‘Playing bounce’ can be costly


It’s called “playing the bounce,” a stock trading strategy that sounds like light entertainment, but isn’t.

This time of year, some traders try to take advantage of the tendency by fund managers to dump some of their ugliest stocks. The fund managers cleanse stock portfolios before the end of the year so unsightly stocks — such as homebuilders and mortgage companies this year — don’t show up in year-end reports and scare off investors. Also, by selling losers in October, mutual funds reduce taxes clients must pay, offsetting the capital gains that winning stocks would otherwise leave at tax time.

Individuals sell for tax purposes, too — usually more heavily in November and December.

All the selling creates the opportunity for the bounce strategy, in which investors buy stocks that have fallen sharply from their peaks earlier in the year.

Stocks often weaken during autumn but then frequently climb — or bounce up — as investors anticipate a fresh start just before year-end or in January. So traders rummage through the stock market’s garbage amid the selling during the fall and buy stocks in the hope that they will be able to partake in a bounce and get out fast.

The idea is to pocket a quick buck, rather than to buy and risk another downturn.

But people who dig through the rubble can end up merely holding trash. The bounce strategy, which has been tracked by analysts such as the Stock Trader’s Almanac and the Leuthold Group for three decades, doesn’t always work. And Leuthold warned clients recently that this year might be one of the years when it doesn’t pay to play.

While an investor would have made more money during the last four years buying year-end sludge instead of a Standard & Poor’s 500 index fund, a Leuthold report says the maneuver appears excessively risky this year.

The firm’s list of bounce stocks is dominated by financial companies and homebuilders — stocks where bad news continues to flow even though home builders such as Beazer Homes, D.R. Horton and KB Home were on last year’s bounce list and large banks have reported sizable losses from the subprime lending fallout.

“Clients who are astute stock-pickers may enjoy the challenge of picking a bottom in some of these stocks, but this is no easy task,” said Leuthold analyst Andy Engel.

To qualify for the bounce list, Leuthold required the following declines from 2007 peaks: large-cap stocks down at least 25 percent; midcaps, 35 percent; and small caps, 50 percent.
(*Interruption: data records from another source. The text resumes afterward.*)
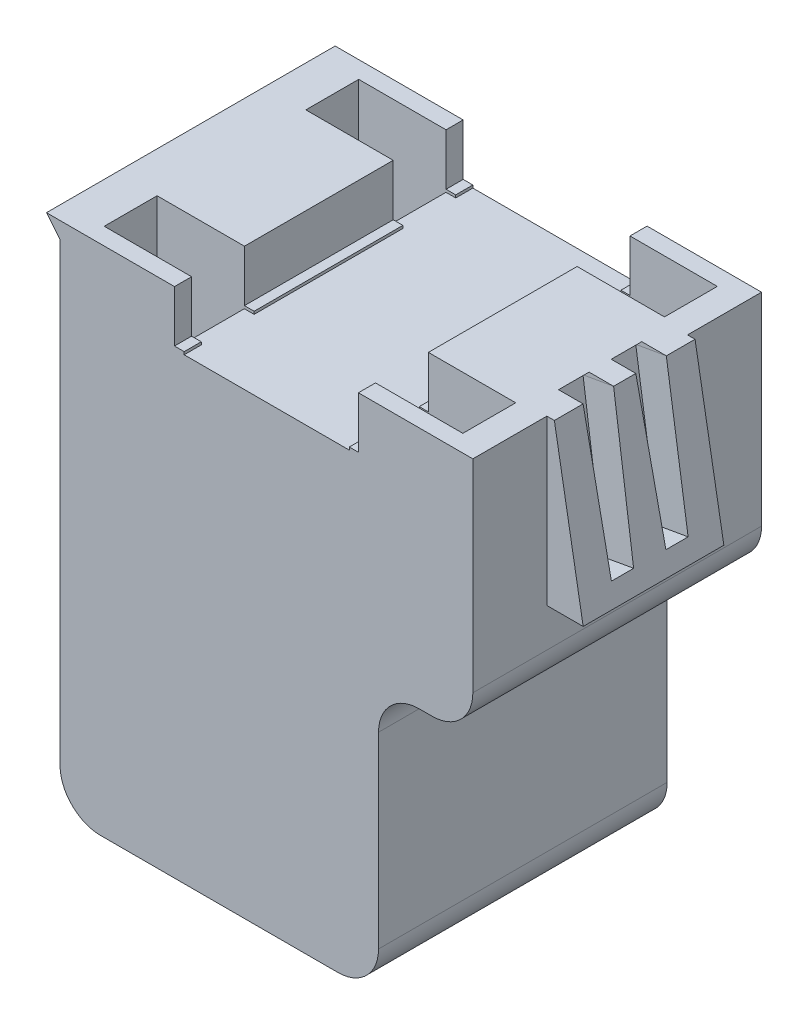
from build123d import *

# Parameters (mm, degrees)
SALIENTE_EXTRUIR1_DEPTH = 21.3
SALIENTE_EXTRUIR2_DEPTH = 21.3
CORTAR_EXTRUIR1_DEPTH   = 5.46
CORTAR_EXTRUIR3_DEPTH   = 5.46
CORTAR_EXTRUIR4_DEPTH   = 2.29
CORTAR_EXTRUIR5_DEPTH   = 4
CROQUIS7_W              = 6.437906951
CROQUIS7_H              = 3.9
CROQUIS7_W_2            = 6.445
CORTAR_EXTRUIR6_DEPTH   = 12
SALIENTE_EXTRUIR3_DEPTH = 21.3
CORTAR_EXTRUIR8_DEPTH   = 0.01
CORTAR_EXTRUIR10_DEPTH  = 0.01


with BuildPart() as part:
    # Croquis1 → Saliente-Extruir1 (new body)
    with BuildSketch(Plane.XY):
        with BuildLine():
            Line((-15.23, 18.9), (-6.785, 18.9))
            Line((-6.785, 18.9), (-6.785, 15.1))
            Line((-6.785, 15.1), (6.785, 15.1))
            Line((6.785, 15.1), (6.785, 18.9))
            Line((6.785, 18.9), (15.23, 18.9))
            Line((15.23, 18.9), (15.23, 3.95))
            ThreePointArc((15.23, 3.95), (14.351320344, 1.828679656), (12.23, 0.95))
            Line((12.23, 0.95), (11.27, 0.95))
            ThreePointArc((11.27, 0.95), (9.148679656, 0.071320344), (8.27, -2.05))
            Line((8.27, -2.05), (8.27, -15.9))
            ThreePointArc((8.27, -15.9), (7.391320344, -18.021320344), (5.27, -18.9))
            Line((5.27, -18.9), (-12.23, -18.9))
            ThreePointArc((-12.23, -18.9), (-14.351320344, -18.021320344), (-15.23, -15.9))
            Line((-15.23, -15.9), (-15.23, 18.9))
        make_face()
    extrude(amount=SALIENTE_EXTRUIR1_DEPTH)

    # Croquis2 → Saliente-Extruir2 (add, through all)
    with BuildSketch(Plane(origin=(0, 0, 0), x_dir=(-1, 0, 0), z_dir=(0, 0, -1))):
        Polygon((-15.23, 18.9), (-15.784402422, 18.9), (-17.91, 6.8), (-15.23, 6.8), align=None)
    extrude(amount=-SALIENTE_EXTRUIR2_DEPTH)

    # Croquis3 → Cortar-Extruir1 (cut)
    with BuildSketch(Plane(origin=(0, 0, 0), x_dir=(-1, 0, 0), z_dir=(0, 0, -1))):
        Polygon((-15.23, 6.8), (-15.23, 18.9), (-15.784402422, 18.9), (-17.91, 6.8), align=None)
    extrude(amount=-CORTAR_EXTRUIR1_DEPTH, mode=Mode.SUBTRACT)

    # Croquis4 → Cortar-Extruir3 (cut)
    with BuildSketch(Plane.XY.offset(21.3)):
        Polygon((17.91, 6.8), (15.23, 6.8), (15.23, 18.9), (15.784402422, 18.9), align=None)
    extrude(amount=-CORTAR_EXTRUIR3_DEPTH, mode=Mode.SUBTRACT)

    # Croquis5 → Cortar-Extruir4 (cut)
    with BuildSketch(Plane(origin=(18.532639468, 3.255614345, 0), x_dir=(0, 0, -1), z_dir=(0.9849183396205656, 0.17301983781944785, 0))):
        Polygon((-13.72, 15.883941872), (-13.72, 16.197349498), (-11.47, 16.197349498), (-11.47, 15.883941872), (-11.84, 5.198659414), (-13.48, 5.198659414), align=None)
        Polygon((-9.83, 15.883941872), (-9.83, 16.197349498), (-7.58, 16.197349498), (-7.58, 15.883941872), (-7.82, 5.198659414), (-9.46, 5.198659414), align=None)
    extrude(amount=-CORTAR_EXTRUIR4_DEPTH, mode=Mode.SUBTRACT)

    # Croquis6 → Cortar-Extruir5 (cut)
    with BuildSketch(Plane(origin=(0, 18.9, 0), x_dir=(1, 0, 0), z_dir=(0, 1, 0))):
        Polygon((13.23, -20.037842324), (13.23, -16.137842324), (6.115382799, -16.137842324), (6.115382799, -5.162157676), (13.23, -5.162157676), (13.23, -1.262157676), (6.115382799, -1.262157676), (6.115382799, 0), (-6.070170326, 0), (-6.070170326, -1.262157676), (-13.23, -1.262157676), (-13.23, -5.162157676), (-6.070170326, -5.162157676), (-6.070170326, -16.137842324), (-13.23, -16.137842324), (-13.23, -20.037842324), (-6.070170326, -20.037842324), (-6.070170326, -21.708109795), (6.115382799, -21.708109795), (6.115382799, -20.037842324), align=None)
    extrude(amount=-CORTAR_EXTRUIR5_DEPTH, mode=Mode.SUBTRACT)

    # Croquis7 → Cortar-Extruir6 (cut)
    with BuildSketch(Plane(origin=(0, 14.9, 0), x_dir=(1, 0, 0), z_dir=(0, 1, 0))):
        with Locations((-10.011046524, -3.212157676)):
            Rectangle(CROQUIS7_W, CROQUIS7_H)
        with Locations((10.0075, -3.212157676)):
            Rectangle(CROQUIS7_W_2, CROQUIS7_H)
        with Locations((10.0075, -18.087842324)):
            Rectangle(CROQUIS7_W_2, CROQUIS7_H)
        with Locations((-10.011046524, -18.087842324)):
            Rectangle(CROQUIS7_W, CROQUIS7_H)
    extrude(amount=-CORTAR_EXTRUIR6_DEPTH, mode=Mode.SUBTRACT)

    # Croquis10 → Saliente-Extruir3 (add, through all)
    with BuildSketch(Plane.XY.offset(21.3)):
        Polygon((-15.23, 18.9), (-16.23, 18.9), (-15.23, 17.671944282), align=None)
    extrude(amount=-SALIENTE_EXTRUIR3_DEPTH)

    # Croquis11 → Cortar-Extruir8 (cut)
    # profile 1 of 6: a face of its own
    with BuildSketch(Plane(origin=(0, 0, 0), x_dir=(-1, 0, 0), z_dir=(0, 0, -1))):
        with BuildLine():
            Line((0.047489316, -3.533287629), (0.204055656, -3.439422028))
            add(Edge.make_bspline(
                [(0.204055656, -3.439422028), (0.21861739, -3.463797765), (0.24651711, -3.510500736), (0.293058037, -3.573608116), (0.341282536, -3.627245591), (0.391547725, -3.671101129), (0.443546789, -3.705628665), (0.497619184, -3.730077346), (0.553582693, -3.745325799), (0.59166884, -3.747177928), (0.610682926, -3.748102583)],
                knots=[0, 0, 0, 0, 1.272034388, 2.437168799, 3.508375237, 4.49857839, 5.41946034, 6.295179144, 7.148887113, 8, 8, 8, 8], degree=3))
            add(Edge.make_bspline(
                [(0.610682926, -3.748102583), (0.62692139, -3.747650319), (0.659114182, -3.746753704), (0.706507536, -3.738138446), (0.752535406, -3.724902862), (0.796249144, -3.705947619), (0.837045573, -3.683014337), (0.872820782, -3.655314484), (0.903748517, -3.624302034), (0.929047507, -3.589703712), (0.948457359, -3.552494221), (0.963375662, -3.514301114), (0.971654514, -3.474524413), (0.972901629, -3.447743043), (0.973530983, -3.434227884)],
                knots=[0, 0, 0, 0, 1.095163259, 2.171163733, 3.241058638, 4.321873601, 5.38011039, 6.391990106, 7.366004449, 8.327778327, 9.272591725, 10.192022065, 11.087607919, 12, 12, 12, 12], degree=3))
            add(Edge.make_bspline(
                [(0.973530983, -3.434227884), (0.972750827, -3.418807517), (0.971164884, -3.387460166), (0.957760309, -3.341211183), (0.936673416, -3.295442198), (0.91721985, -3.267131112), (0.907120142, -3.252432845)],
                knots=[0, 0, 0, 0, 0.938893495, 1.908633276, 2.914225137, 4, 4, 4, 4], degree=3))
            add(Edge.make_bspline(
                [(0.907120142, -3.252432845), (0.898827776, -3.241824734), (0.881418989, -3.219554332), (0.851490639, -3.186404562), (0.816371903, -3.152210649), (0.777264605, -3.115666898), (0.732744179, -3.078472939), (0.684205036, -3.038855141), (0.630407911, -2.99832014), (0.592678594, -2.971135491), (0.573210887, -2.95710866)],
                knots=[0, 0, 0, 0, 0.722233717, 1.516239348, 2.393582979, 3.351407094, 4.387010283, 5.505090956, 6.712668013, 8, 8, 8, 8], degree=3))
            add(Edge.make_bspline(
                [(0.573210887, -2.95710866), (0.553724856, -2.943229365), (0.516469048, -2.916693212), (0.464368048, -2.877310361), (0.417777853, -2.841303814), (0.37690554, -2.808334607), (0.341769087, -2.778398271), (0.312091615, -2.751782278), (0.288629129, -2.72776681), (0.275582217, -2.712187433), (0.269724476, -2.705192677)],
                knots=[0, 0, 0, 0, 1.452282411, 2.77665338, 3.964542531, 5.026858415, 5.96415736, 6.766646006, 7.446254459, 8, 8, 8, 8], degree=3))
            add(Edge.make_bspline(
                [(0.269724476, -2.705192677), (0.261536921, -2.694291295), (0.245434995, -2.672852265), (0.224180483, -2.639342861), (0.206115176, -2.605040549), (0.191953442, -2.569853154), (0.180028026, -2.534274671), (0.172006955, -2.497840887), (0.166984424, -2.460715285), (0.166470081, -2.435731474), (0.166212607, -2.423224862)],
                knots=[0, 0, 0, 0, 1.068054152, 2.10047183, 3.106115577, 4.101338837, 5.06977816, 6.043150881, 7.020423561, 8, 8, 8, 8], degree=3))
            add(Edge.make_bspline(
                [(0.166212607, -2.423224862), (0.16690328, -2.40362994), (0.168269863, -2.364858923), (0.179827137, -2.308221775), (0.198069043, -2.254148129), (0.223625088, -2.203173328), (0.256569604, -2.156624663), (0.294693932, -2.113966693), (0.34010251, -2.078105818), (0.38992494, -2.04677277), (0.444458937, -2.022248051), (0.501604123, -2.003747866), (0.561451324, -1.993265467), (0.601987149, -1.991761171), (0.622555255, -1.990997882)],
                knots=[0, 0, 0, 0, 1.005424448, 1.989358655, 2.955360095, 3.929531133, 4.905563448, 5.876582895, 6.856512386, 7.866279853, 8.892233794, 9.918561126, 10.94386622, 12, 12, 12, 12], degree=3))
            add(Edge.make_bspline(
                [(0.622555255, -1.990997882), (0.644380258, -1.991750649), (0.687783223, -1.993247662), (0.751626767, -2.006263856), (0.813095146, -2.027801295), (0.862542207, -2.052242793), (0.901241626, -2.076654), (0.930754697, -2.098889491), (0.960661848, -2.124487986), (0.991204319, -2.15351767), (1.021864585, -2.186244909), (1.053097828, -2.222445565), (1.084977087, -2.26189841), (1.105485396, -2.290063041), (1.115998932, -2.304501572)],
                knots=[0, 0, 0, 0, 1.286793592, 2.559021753, 3.825965368, 5.121522368, 5.803751409, 6.523245864, 7.299691795, 8.125521123, 9.008227632, 9.944561021, 10.946284179, 12, 12, 12, 12], degree=3))
            Line((1.115998932, -2.304501572), (0.965739767, -2.418401729))
            add(Edge.make_bspline(
                [(0.965739767, -2.418401729), (0.956666711, -2.40671313), (0.939194127, -2.384203622), (0.912667273, -2.352680467), (0.887664864, -2.32388508), (0.863031944, -2.29887395), (0.84006948, -2.276277404), (0.817782546, -2.2569312), (0.796491868, -2.24064578), (0.76965417, -2.223266063), (0.735936877, -2.206038247), (0.693611726, -2.191460193), (0.649380656, -2.182699806), (0.619255393, -2.18154152), (0.604004741, -2.180955147)],
                knots=[0, 0, 0, 0, 1.181633172, 2.275549214, 3.290209073, 4.226197932, 5.078386478, 5.862611352, 6.581680152, 7.217281963, 8.414376989, 9.595101626, 10.782541182, 12, 12, 12, 12], degree=3))
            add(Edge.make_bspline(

Homebuilders are by far the worst area of the market — down about 50 percent for the year, according to Leuthold data. The builders climbed about 11 percent in September after a rate cut by the Federal Reserve gave investors an optimistic breather. But after dreary reports on the housing market, builders dropped again, giving up what they had gained.

Financial companies, too, gained amid the relief from the Fed’s 0.50 percent rate cut. But the stocks headed down again recently as investors digested sobering words from Fed Chairman Ben Bernanke and hidden weaknesses in financial institutions became somewhat exposed.

Of course, trying to take advantage of a year-end or January bounce would be a different strategy than buying for the long-term.

But even that gives Leuthold researchers concern.

Last year, playing the bounce provided investors an 8.6 percent return from Oct. 1 to Jan. 31, compared with the S&P 500’s 7.9 percent return. But the makeup of those bounce stocks was very different than this year’s group. Many were energy and commodity stocks that slumped as investors apparently decided to sell in case the economy slowed in the coming year. This year, the homebuilders and financial stocks already are in the midst of a mess.